-- Your goal --
Return every line in the entries below where the word "units" shows up.

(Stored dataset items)
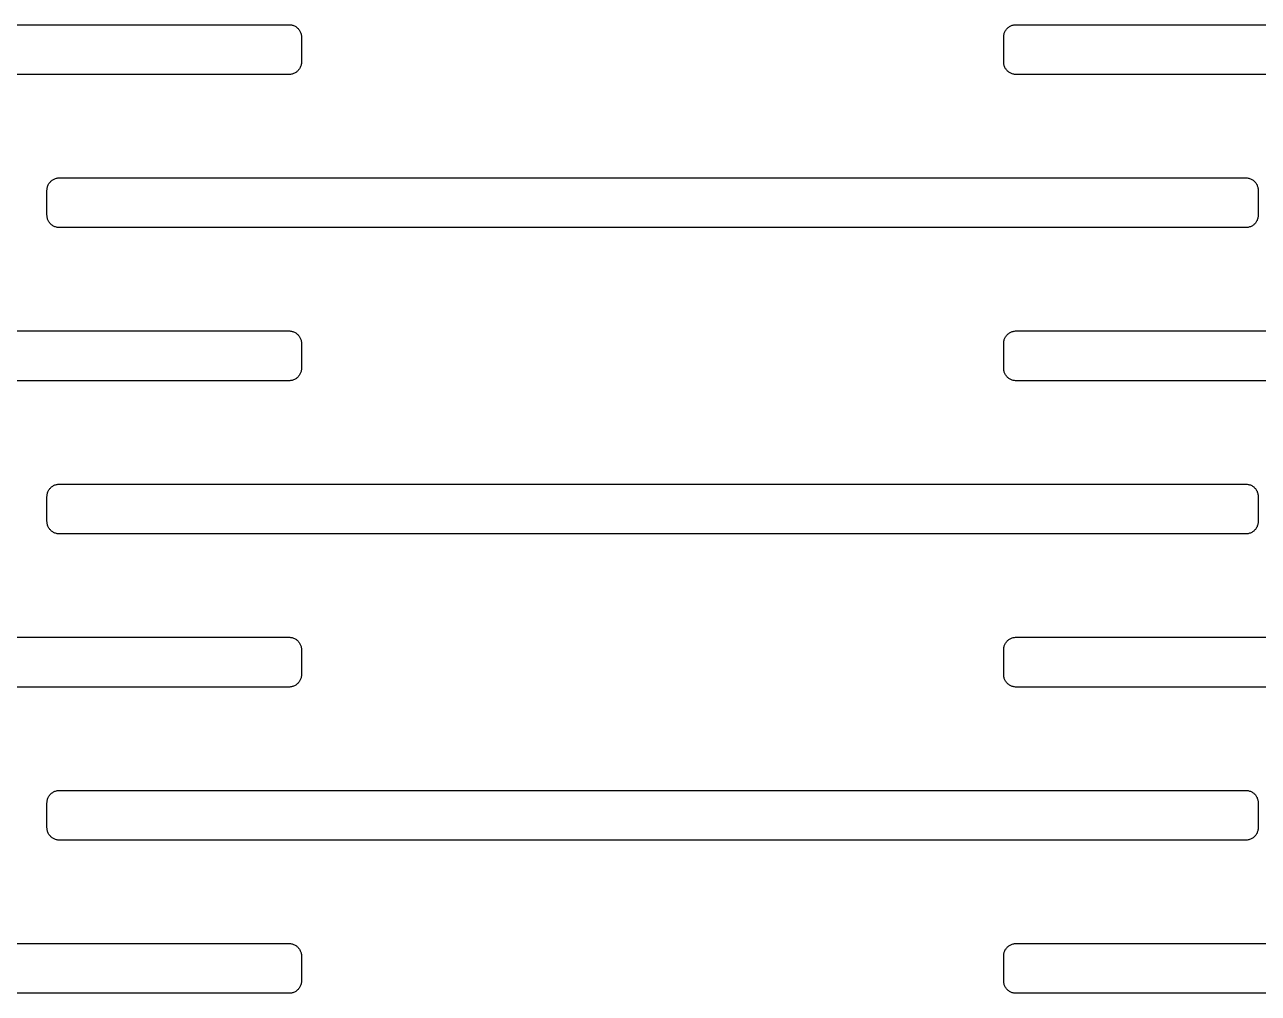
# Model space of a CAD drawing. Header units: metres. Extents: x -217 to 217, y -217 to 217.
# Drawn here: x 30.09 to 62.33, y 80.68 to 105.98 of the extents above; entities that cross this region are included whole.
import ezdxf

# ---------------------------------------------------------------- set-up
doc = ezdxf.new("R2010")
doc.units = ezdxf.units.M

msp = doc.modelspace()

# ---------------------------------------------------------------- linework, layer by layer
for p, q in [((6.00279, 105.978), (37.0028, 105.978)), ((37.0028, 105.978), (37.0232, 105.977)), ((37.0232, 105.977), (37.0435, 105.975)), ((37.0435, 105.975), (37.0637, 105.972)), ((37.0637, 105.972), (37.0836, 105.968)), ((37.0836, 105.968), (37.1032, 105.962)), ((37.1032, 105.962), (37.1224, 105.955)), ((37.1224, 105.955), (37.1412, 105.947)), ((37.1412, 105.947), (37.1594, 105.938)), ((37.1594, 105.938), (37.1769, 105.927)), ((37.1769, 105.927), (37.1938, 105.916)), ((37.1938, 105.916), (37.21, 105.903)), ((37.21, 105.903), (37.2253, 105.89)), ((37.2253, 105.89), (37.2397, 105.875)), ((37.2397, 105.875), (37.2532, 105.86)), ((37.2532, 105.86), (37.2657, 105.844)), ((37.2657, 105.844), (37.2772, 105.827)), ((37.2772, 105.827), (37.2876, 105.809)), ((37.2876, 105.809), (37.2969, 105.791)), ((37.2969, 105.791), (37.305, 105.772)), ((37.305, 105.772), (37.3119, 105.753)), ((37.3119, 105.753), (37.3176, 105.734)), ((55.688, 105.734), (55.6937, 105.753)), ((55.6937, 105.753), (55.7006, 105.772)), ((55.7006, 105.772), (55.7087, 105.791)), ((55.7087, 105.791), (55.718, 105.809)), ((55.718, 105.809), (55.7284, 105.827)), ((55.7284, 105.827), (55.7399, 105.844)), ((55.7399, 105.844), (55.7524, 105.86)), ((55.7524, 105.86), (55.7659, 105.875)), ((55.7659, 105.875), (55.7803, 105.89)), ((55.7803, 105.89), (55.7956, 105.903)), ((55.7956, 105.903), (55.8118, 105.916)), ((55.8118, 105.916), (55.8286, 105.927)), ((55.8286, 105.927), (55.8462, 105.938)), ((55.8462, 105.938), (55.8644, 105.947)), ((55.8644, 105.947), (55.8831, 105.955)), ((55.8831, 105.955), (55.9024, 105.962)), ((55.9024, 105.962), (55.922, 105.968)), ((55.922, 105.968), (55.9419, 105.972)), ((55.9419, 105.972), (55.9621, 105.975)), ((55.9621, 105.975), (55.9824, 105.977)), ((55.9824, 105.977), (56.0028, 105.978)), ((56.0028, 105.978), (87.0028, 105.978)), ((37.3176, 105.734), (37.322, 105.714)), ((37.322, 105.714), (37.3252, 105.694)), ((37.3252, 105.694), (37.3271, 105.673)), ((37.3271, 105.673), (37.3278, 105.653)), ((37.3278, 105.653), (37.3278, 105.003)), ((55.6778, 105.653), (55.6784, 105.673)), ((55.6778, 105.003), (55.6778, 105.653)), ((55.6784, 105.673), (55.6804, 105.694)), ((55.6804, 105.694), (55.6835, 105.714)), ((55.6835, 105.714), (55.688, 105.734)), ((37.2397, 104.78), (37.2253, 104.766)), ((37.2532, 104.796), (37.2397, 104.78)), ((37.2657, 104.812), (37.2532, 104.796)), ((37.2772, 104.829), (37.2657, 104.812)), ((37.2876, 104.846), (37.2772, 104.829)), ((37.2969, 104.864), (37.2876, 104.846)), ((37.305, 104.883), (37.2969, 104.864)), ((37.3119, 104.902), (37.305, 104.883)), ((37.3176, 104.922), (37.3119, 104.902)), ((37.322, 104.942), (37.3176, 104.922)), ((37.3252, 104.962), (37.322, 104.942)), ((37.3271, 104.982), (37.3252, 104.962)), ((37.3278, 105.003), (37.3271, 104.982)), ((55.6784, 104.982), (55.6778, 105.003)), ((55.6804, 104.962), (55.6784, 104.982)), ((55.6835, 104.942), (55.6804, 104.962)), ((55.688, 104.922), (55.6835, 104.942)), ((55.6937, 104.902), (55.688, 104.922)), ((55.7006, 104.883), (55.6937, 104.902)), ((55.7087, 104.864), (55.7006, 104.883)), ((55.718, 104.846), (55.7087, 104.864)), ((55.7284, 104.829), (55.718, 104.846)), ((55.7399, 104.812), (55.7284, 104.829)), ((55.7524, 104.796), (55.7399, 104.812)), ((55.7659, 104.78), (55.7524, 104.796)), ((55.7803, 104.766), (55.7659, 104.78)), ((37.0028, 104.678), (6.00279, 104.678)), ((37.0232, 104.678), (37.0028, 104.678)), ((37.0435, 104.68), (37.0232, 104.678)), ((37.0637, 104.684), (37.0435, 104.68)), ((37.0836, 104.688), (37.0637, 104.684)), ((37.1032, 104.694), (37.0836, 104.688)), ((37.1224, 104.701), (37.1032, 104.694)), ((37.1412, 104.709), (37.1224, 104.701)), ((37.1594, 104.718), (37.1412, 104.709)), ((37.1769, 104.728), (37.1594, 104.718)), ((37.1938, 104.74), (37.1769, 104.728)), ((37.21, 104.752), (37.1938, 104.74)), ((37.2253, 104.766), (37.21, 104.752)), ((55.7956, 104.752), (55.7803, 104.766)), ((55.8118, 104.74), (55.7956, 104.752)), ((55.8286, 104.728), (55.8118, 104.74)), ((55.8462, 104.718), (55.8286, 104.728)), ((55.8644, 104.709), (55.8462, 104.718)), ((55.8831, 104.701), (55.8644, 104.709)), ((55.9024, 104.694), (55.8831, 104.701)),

-- Answer to the exercise --
# Model space of a CAD drawing. Header units: metres. Extents: x -217 to 217, y -217 to 217.
doc.units = ezdxf.units.M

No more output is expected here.